1. Le showrunner/executive producer
Il ou elle ne vient pas du monde de la production mais plutôt de celui de l’écriture. C’est cette personne, un/une scénariste d’expérience, qui prend les décisions finales sur le contenu et l’orientation de la série (décisions qui doivent être négociées avec le diffuseur, bien sûr). Il n’y a pas de véritable équivalent au Québec mais le titre est souvent traduit par « scénariste en chef ». Cette traduction omet cependant les aspects de production et d’administration qui font aussi partie des tâches de l’executive producer.

2. La writers room
Je ne saurais bien traduire ce terme car la pratique n’existe malheureusement pas au Québec (sauf dans le cas de quelques émissions jeunesse diffusées quotidiennement).
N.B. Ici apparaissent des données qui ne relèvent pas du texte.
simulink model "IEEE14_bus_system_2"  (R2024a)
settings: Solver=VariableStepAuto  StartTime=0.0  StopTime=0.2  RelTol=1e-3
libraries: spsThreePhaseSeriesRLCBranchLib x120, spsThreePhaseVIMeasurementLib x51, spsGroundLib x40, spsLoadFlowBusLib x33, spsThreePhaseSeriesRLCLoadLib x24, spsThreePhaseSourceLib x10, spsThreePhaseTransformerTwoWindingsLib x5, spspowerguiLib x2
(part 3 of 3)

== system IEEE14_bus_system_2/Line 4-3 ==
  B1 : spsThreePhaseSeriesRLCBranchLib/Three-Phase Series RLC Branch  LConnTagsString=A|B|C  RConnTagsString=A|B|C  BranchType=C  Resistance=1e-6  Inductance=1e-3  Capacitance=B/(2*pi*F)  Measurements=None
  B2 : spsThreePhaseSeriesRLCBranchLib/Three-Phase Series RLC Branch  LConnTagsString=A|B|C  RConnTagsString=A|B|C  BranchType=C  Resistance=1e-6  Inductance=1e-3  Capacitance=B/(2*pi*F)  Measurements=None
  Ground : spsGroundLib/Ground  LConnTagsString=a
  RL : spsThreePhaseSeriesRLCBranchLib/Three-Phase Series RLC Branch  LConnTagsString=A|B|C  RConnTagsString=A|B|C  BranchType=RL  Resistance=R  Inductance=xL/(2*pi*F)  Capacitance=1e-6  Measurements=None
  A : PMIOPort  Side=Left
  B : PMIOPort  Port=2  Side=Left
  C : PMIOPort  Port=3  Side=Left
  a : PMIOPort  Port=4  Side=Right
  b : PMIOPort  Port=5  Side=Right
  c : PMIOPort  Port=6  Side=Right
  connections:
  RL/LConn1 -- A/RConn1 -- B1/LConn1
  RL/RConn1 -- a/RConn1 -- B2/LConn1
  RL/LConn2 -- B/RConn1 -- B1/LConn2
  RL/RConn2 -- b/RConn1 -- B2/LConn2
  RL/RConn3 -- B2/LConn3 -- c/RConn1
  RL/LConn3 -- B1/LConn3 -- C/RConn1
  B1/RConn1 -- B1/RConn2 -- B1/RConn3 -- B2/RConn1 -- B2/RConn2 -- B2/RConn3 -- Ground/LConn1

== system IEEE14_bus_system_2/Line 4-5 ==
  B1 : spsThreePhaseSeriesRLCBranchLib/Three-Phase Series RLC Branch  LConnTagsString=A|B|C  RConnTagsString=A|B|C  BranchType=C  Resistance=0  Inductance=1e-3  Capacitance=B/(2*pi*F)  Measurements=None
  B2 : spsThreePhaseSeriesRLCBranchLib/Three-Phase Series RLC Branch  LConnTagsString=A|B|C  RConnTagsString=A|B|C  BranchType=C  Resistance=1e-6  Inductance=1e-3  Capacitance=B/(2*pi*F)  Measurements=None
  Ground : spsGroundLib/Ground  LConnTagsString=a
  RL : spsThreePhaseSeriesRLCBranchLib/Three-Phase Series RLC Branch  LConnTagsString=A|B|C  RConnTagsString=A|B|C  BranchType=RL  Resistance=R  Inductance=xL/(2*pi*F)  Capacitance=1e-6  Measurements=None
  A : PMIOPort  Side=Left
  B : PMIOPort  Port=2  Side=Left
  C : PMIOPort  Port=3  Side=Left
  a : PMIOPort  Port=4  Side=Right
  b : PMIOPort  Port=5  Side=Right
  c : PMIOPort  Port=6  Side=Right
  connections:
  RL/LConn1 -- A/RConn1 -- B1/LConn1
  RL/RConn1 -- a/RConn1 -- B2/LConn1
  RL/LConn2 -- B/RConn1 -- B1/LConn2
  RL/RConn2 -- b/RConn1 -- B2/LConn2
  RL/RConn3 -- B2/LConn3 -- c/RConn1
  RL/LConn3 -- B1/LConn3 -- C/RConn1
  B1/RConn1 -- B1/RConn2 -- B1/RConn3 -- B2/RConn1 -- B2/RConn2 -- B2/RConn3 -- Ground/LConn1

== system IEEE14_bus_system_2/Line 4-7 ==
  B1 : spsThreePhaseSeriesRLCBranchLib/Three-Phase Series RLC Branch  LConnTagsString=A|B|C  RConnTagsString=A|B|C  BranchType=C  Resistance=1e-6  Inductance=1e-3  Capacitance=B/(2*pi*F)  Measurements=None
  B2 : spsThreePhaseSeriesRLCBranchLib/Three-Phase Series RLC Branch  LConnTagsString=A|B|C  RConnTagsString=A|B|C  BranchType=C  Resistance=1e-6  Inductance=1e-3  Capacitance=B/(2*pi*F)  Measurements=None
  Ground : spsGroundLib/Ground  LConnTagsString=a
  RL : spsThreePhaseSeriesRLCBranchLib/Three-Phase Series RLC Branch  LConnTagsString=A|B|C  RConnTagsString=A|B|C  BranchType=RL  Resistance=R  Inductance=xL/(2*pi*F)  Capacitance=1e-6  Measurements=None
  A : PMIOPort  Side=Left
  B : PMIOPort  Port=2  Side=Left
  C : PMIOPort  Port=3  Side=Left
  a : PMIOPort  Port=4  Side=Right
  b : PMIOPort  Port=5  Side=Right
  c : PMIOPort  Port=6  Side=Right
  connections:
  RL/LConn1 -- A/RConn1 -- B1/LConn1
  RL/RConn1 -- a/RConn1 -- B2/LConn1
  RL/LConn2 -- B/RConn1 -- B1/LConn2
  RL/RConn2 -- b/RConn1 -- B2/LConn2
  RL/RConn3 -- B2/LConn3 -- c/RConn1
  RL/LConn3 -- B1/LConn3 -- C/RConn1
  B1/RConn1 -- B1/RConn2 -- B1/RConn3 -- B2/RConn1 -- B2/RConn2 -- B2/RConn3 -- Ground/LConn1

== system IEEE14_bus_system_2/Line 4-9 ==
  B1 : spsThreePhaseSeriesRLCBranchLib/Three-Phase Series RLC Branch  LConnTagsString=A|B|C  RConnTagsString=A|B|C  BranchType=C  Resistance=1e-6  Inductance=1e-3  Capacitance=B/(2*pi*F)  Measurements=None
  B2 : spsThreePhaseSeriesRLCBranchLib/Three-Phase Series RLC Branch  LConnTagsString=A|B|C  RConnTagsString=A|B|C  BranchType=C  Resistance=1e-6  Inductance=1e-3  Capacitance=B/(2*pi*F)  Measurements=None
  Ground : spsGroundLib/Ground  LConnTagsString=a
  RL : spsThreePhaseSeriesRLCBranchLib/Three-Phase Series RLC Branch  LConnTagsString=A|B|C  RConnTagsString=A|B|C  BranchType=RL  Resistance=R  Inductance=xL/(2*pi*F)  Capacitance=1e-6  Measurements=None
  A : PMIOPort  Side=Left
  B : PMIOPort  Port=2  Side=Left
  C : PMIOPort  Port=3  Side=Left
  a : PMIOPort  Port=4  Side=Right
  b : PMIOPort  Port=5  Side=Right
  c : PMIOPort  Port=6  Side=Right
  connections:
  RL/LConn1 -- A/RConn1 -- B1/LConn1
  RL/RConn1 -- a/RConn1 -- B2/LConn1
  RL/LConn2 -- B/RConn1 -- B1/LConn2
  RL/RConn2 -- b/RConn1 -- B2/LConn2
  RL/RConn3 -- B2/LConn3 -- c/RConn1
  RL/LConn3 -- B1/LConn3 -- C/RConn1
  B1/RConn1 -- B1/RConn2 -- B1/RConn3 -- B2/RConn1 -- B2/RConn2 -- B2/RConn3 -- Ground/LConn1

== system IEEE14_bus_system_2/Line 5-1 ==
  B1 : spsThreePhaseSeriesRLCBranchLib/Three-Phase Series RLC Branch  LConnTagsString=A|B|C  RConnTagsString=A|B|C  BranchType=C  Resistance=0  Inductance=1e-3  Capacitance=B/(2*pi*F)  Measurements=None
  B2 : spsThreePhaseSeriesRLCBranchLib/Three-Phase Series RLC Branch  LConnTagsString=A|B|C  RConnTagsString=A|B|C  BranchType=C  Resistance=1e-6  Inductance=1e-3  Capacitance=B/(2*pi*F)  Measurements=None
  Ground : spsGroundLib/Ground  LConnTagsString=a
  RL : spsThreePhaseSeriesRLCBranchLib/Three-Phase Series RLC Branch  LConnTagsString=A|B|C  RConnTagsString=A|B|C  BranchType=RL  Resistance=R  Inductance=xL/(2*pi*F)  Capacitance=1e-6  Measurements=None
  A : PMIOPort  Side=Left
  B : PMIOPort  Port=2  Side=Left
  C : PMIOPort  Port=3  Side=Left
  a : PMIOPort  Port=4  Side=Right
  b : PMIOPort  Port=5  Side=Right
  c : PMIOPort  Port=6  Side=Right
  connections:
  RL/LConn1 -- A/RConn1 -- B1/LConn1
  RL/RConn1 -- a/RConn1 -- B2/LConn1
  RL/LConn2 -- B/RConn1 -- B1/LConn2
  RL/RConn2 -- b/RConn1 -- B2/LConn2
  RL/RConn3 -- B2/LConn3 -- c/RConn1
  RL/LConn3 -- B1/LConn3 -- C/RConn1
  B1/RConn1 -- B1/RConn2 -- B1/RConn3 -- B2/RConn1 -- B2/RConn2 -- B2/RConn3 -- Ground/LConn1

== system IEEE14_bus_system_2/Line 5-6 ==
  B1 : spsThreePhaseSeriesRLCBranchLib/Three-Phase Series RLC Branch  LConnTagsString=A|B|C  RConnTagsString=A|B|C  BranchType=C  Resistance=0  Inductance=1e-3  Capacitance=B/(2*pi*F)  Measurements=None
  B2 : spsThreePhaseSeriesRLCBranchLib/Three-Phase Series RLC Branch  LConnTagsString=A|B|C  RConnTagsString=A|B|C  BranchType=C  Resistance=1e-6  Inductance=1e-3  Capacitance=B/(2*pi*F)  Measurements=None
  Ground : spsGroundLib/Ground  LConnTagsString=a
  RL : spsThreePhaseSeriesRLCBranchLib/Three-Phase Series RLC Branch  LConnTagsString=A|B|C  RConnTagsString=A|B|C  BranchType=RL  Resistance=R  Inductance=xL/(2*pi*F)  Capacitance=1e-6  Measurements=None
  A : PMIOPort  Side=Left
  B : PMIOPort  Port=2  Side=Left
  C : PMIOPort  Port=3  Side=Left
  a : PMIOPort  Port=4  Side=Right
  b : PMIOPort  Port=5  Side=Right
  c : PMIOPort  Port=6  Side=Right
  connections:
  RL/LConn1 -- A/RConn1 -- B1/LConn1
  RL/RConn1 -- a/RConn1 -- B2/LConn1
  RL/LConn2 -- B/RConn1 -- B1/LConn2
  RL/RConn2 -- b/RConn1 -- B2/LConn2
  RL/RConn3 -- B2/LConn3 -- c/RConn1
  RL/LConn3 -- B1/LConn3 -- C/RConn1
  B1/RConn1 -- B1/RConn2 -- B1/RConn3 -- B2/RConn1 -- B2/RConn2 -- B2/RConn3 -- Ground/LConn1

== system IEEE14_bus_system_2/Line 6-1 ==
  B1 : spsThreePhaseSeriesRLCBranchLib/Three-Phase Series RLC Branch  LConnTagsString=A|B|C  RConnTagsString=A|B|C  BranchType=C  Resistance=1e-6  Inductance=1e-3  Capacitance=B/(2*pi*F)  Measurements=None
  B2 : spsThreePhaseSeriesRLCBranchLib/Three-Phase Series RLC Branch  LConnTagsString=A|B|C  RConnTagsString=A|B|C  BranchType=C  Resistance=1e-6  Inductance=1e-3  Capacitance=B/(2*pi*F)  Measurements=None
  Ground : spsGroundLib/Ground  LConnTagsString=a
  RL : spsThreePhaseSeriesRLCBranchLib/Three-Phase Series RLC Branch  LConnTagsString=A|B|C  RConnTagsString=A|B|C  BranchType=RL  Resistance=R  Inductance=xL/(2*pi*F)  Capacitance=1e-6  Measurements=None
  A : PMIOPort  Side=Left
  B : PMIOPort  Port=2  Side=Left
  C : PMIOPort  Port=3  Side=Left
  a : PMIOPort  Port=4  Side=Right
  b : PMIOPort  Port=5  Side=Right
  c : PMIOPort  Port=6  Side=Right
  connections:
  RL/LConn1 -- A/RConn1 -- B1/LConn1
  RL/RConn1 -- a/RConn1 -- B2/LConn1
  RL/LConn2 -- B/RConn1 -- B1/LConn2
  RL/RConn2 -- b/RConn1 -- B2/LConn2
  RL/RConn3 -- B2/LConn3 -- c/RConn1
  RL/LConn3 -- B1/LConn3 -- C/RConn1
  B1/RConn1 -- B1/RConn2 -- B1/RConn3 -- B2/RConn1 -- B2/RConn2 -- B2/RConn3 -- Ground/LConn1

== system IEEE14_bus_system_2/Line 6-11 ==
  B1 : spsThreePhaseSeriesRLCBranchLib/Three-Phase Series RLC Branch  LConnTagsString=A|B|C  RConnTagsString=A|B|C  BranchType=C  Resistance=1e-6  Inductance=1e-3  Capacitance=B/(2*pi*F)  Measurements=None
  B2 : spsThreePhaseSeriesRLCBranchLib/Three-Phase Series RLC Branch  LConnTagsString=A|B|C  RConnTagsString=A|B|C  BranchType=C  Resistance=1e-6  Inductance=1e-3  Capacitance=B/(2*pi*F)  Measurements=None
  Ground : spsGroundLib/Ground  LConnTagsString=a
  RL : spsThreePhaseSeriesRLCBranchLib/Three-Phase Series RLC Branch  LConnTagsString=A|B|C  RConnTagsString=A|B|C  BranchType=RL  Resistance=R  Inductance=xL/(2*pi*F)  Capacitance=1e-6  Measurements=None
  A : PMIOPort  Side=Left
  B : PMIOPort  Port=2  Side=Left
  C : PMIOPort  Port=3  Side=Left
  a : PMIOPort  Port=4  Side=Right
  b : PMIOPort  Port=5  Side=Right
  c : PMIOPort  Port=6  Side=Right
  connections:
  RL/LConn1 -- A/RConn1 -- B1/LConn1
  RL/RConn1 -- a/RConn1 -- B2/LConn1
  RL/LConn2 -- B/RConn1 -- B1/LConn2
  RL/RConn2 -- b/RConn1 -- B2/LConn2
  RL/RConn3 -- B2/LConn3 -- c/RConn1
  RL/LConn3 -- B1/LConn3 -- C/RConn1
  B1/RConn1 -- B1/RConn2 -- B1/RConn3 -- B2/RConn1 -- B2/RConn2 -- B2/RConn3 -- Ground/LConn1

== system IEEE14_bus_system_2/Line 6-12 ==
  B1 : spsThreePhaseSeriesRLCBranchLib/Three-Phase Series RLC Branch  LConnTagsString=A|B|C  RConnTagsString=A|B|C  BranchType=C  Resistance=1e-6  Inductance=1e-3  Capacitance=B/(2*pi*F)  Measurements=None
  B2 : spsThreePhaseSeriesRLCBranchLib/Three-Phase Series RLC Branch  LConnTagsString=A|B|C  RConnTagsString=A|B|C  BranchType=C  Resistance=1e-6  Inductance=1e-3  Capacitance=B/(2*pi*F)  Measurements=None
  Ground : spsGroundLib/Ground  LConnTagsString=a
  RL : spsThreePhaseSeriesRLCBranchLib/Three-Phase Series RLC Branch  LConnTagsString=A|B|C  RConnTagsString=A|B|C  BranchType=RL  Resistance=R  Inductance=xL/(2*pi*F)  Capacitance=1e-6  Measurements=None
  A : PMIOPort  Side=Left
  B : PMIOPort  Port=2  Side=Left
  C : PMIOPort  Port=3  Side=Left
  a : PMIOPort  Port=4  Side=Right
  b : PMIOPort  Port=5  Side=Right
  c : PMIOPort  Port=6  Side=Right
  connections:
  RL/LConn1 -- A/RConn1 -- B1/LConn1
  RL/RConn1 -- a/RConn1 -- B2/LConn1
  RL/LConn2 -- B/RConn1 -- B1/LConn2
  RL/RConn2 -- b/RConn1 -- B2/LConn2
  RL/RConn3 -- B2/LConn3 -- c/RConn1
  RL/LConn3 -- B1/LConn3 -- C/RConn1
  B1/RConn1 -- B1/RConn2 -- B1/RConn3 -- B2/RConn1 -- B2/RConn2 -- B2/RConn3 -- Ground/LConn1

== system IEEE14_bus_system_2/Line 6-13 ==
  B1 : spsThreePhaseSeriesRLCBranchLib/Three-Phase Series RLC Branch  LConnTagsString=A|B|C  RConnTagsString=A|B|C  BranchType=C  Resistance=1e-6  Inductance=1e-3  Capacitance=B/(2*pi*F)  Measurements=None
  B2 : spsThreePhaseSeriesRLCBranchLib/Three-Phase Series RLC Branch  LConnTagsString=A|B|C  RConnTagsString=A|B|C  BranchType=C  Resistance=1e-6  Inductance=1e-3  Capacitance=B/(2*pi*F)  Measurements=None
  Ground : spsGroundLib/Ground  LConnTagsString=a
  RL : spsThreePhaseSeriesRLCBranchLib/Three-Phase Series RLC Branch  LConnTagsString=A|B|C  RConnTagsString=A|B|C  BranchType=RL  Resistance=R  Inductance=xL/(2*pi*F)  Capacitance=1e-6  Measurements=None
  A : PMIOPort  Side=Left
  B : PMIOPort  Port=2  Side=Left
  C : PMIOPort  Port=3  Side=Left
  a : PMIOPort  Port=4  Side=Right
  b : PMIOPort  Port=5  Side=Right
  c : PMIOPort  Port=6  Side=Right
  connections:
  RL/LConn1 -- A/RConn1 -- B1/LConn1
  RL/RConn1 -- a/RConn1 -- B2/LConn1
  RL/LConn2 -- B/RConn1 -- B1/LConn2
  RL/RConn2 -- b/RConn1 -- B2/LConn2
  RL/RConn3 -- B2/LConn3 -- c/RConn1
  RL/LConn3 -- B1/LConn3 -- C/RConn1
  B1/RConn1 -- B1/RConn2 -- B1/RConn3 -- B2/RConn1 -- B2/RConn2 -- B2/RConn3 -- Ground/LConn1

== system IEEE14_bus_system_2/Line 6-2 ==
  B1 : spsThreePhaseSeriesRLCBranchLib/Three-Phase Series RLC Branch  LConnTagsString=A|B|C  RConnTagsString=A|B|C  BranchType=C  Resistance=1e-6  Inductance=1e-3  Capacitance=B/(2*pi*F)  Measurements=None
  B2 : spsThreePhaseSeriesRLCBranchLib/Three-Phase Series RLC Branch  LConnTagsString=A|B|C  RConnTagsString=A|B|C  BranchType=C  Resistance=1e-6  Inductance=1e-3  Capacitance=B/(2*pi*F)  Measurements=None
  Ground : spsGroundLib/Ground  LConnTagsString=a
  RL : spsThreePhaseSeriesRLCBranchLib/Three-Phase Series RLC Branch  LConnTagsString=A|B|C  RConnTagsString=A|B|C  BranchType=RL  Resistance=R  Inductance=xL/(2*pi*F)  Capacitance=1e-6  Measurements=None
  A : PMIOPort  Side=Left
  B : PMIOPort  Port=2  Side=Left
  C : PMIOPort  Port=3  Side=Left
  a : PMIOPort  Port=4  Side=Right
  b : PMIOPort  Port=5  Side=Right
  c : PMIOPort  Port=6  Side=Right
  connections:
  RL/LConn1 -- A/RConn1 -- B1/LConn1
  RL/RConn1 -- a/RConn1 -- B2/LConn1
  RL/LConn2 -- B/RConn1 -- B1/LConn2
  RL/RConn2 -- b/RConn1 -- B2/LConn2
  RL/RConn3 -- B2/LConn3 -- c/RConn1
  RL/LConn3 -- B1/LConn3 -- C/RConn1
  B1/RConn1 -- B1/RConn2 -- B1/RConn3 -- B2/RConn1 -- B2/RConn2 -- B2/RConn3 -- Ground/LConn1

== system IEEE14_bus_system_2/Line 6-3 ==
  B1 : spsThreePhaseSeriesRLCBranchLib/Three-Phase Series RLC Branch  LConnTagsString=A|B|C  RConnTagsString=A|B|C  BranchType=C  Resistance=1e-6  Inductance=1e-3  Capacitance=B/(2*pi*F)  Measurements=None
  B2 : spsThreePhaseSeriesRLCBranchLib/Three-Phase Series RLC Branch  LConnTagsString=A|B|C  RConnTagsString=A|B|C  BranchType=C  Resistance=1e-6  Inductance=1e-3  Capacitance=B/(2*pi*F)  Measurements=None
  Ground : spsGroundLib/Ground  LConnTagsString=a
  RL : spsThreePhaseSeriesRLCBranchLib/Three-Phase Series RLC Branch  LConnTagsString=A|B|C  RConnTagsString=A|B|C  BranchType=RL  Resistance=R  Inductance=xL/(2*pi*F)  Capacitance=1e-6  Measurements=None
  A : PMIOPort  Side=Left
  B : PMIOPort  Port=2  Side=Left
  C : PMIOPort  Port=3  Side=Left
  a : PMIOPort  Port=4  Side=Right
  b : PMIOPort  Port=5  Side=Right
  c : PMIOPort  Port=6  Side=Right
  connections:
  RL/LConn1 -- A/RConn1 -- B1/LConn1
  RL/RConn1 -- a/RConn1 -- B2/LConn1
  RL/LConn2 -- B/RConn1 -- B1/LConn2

La writers room, c’est l’endroit où se réunissent les scénaristes pour concevoir les épisodes. Le terme désigne aussi l’équipe d’auteurs qui travaillent sur une même série. Aux États-Unis, le showrunner est appuyé par une équipe de 3 à 8 personnes à laquelle s’ajoutent parfois des pigistes pour la scénarisation d’un épisode dont les grandes lignes ont été déterminées en groupe.

Au Québec, une série est souvent écrite par un seul auteur, parfois deux. Pourquoi? Question de budget, mais aussi question de culture. On colle encore à de vieux modèles. Les premiers scénaristes de télé au Québec étaient souvent des romanciers… et on connaît tous les grandes habiletés sociales des romanciers ;) Au Canada, on se fie aussi beaucoup aux producteurs et aux diffuseurs pour orienter le contenu.

Voici de quoi a l’air la writers room de la formidable série Breaking Bad, qui a débuté sa 4ième saison dimanche dernier.

J’espère vraiment que j’aurai un jour la chance de travailler dans un tel environnement, que ce soit au Québec ou ailleurs.
Un jour. Un jour…

Pitch

Ce n’est pas donné à tout le monde de savoir faire un bon pitch mais c’est peut-être encore plus difficile pour les scénaristes, tout habitués qu’ils sont à travailler seuls dans leur coin comme des enfants sauvages. La meilleure école pour moi ça a été de faire de la télé: il faut être à la fois calme et animé, projeter sa voix (mais pas trop) et sourire en parlant. Croyez-moi: il suffit de se regarder à la télé le lendemain d’un tournage pour avoir très très envie de s’améliorer!

Il existe plusieurs ressources en ligne sur l’art de présenter son idée de scénario, mais une excellente façon d’apprendre à faire de meilleur pitch c’est de regarder les autres en faire. Téléfilm Canada a récemment mis en ligne la séance de Pitch this présentée dans le cadre du TIFF 2010. Ça vaut la peine de regarder les auteurs et réalisateurs se démener pour vendre leur salade, certains avec plus de succès que d’autres…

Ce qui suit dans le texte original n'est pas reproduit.